▶ Problem
The data follows this line. Copy verbatim the line with "2019-04-29 Add ground plane." and each line after it to the end.

--- Supplied records ---

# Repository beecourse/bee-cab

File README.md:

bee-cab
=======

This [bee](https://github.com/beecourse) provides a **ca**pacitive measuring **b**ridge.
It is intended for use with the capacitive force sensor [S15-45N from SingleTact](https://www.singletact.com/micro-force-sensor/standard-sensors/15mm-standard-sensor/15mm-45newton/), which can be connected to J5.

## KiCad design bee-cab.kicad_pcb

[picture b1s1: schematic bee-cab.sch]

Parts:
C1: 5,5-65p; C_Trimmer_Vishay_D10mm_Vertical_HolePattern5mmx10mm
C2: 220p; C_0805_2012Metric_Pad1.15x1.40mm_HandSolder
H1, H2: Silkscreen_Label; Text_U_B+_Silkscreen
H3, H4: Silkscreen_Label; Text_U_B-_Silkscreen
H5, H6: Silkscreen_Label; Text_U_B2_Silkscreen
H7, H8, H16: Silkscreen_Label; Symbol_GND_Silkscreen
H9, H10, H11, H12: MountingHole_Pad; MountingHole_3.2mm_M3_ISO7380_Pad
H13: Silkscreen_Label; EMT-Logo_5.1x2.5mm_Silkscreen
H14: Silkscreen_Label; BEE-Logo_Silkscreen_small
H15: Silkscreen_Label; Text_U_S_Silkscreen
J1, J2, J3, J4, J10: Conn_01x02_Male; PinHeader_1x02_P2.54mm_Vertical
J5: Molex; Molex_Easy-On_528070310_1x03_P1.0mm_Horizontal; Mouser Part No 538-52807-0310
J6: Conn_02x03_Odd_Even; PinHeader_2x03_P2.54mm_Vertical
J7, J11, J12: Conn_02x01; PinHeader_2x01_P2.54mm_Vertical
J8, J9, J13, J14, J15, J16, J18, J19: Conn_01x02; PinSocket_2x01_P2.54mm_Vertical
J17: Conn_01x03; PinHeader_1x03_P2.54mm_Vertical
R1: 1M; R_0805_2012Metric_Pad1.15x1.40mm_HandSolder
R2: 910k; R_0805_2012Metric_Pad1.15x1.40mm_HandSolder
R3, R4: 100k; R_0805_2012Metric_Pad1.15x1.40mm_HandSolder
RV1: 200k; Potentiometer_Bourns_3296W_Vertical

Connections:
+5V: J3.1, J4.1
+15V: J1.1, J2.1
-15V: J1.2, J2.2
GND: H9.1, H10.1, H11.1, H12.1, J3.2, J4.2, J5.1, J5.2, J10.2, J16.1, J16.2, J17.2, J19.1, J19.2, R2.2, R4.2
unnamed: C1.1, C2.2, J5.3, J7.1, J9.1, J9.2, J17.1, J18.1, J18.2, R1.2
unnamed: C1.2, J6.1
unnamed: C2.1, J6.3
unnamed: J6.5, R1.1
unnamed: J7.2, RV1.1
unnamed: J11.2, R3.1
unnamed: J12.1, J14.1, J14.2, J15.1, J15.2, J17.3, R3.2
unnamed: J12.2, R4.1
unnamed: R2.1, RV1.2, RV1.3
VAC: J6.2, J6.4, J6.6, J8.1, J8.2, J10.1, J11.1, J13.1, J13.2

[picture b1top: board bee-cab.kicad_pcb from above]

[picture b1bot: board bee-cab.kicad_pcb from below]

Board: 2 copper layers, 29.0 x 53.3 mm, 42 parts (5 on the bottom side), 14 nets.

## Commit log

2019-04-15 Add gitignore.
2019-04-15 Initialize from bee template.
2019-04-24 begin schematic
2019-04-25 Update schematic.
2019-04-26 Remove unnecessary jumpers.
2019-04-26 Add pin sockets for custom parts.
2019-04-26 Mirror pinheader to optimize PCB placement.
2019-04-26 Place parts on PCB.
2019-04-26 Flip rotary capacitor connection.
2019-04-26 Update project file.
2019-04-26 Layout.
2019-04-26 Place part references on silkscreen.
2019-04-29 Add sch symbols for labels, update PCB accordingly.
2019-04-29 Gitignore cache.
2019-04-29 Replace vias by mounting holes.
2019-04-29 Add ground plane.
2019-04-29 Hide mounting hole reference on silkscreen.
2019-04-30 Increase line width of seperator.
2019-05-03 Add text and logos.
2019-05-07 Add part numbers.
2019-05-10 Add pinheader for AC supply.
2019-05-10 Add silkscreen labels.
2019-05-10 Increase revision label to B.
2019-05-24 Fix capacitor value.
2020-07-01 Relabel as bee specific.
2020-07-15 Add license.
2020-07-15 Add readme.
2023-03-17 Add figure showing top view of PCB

---

▶ Expected answer
2019-04-29 Add ground plane.
2019-04-29 Hide mounting hole reference on silkscreen.
2019-04-30 Increase line width of seperator.
2019-05-03 Add text and logos.
2019-05-07 Add part numbers.
2019-05-10 Add pinheader for AC supply.
2019-05-10 Add silkscreen labels.
2019-05-10 Increase revision label to B.
2019-05-24 Fix capacitor value.
2020-07-01 Relabel as bee specific.
2020-07-15 Add license.
2020-07-15 Add readme.
2023-03-17 Add figure showing top view of PCB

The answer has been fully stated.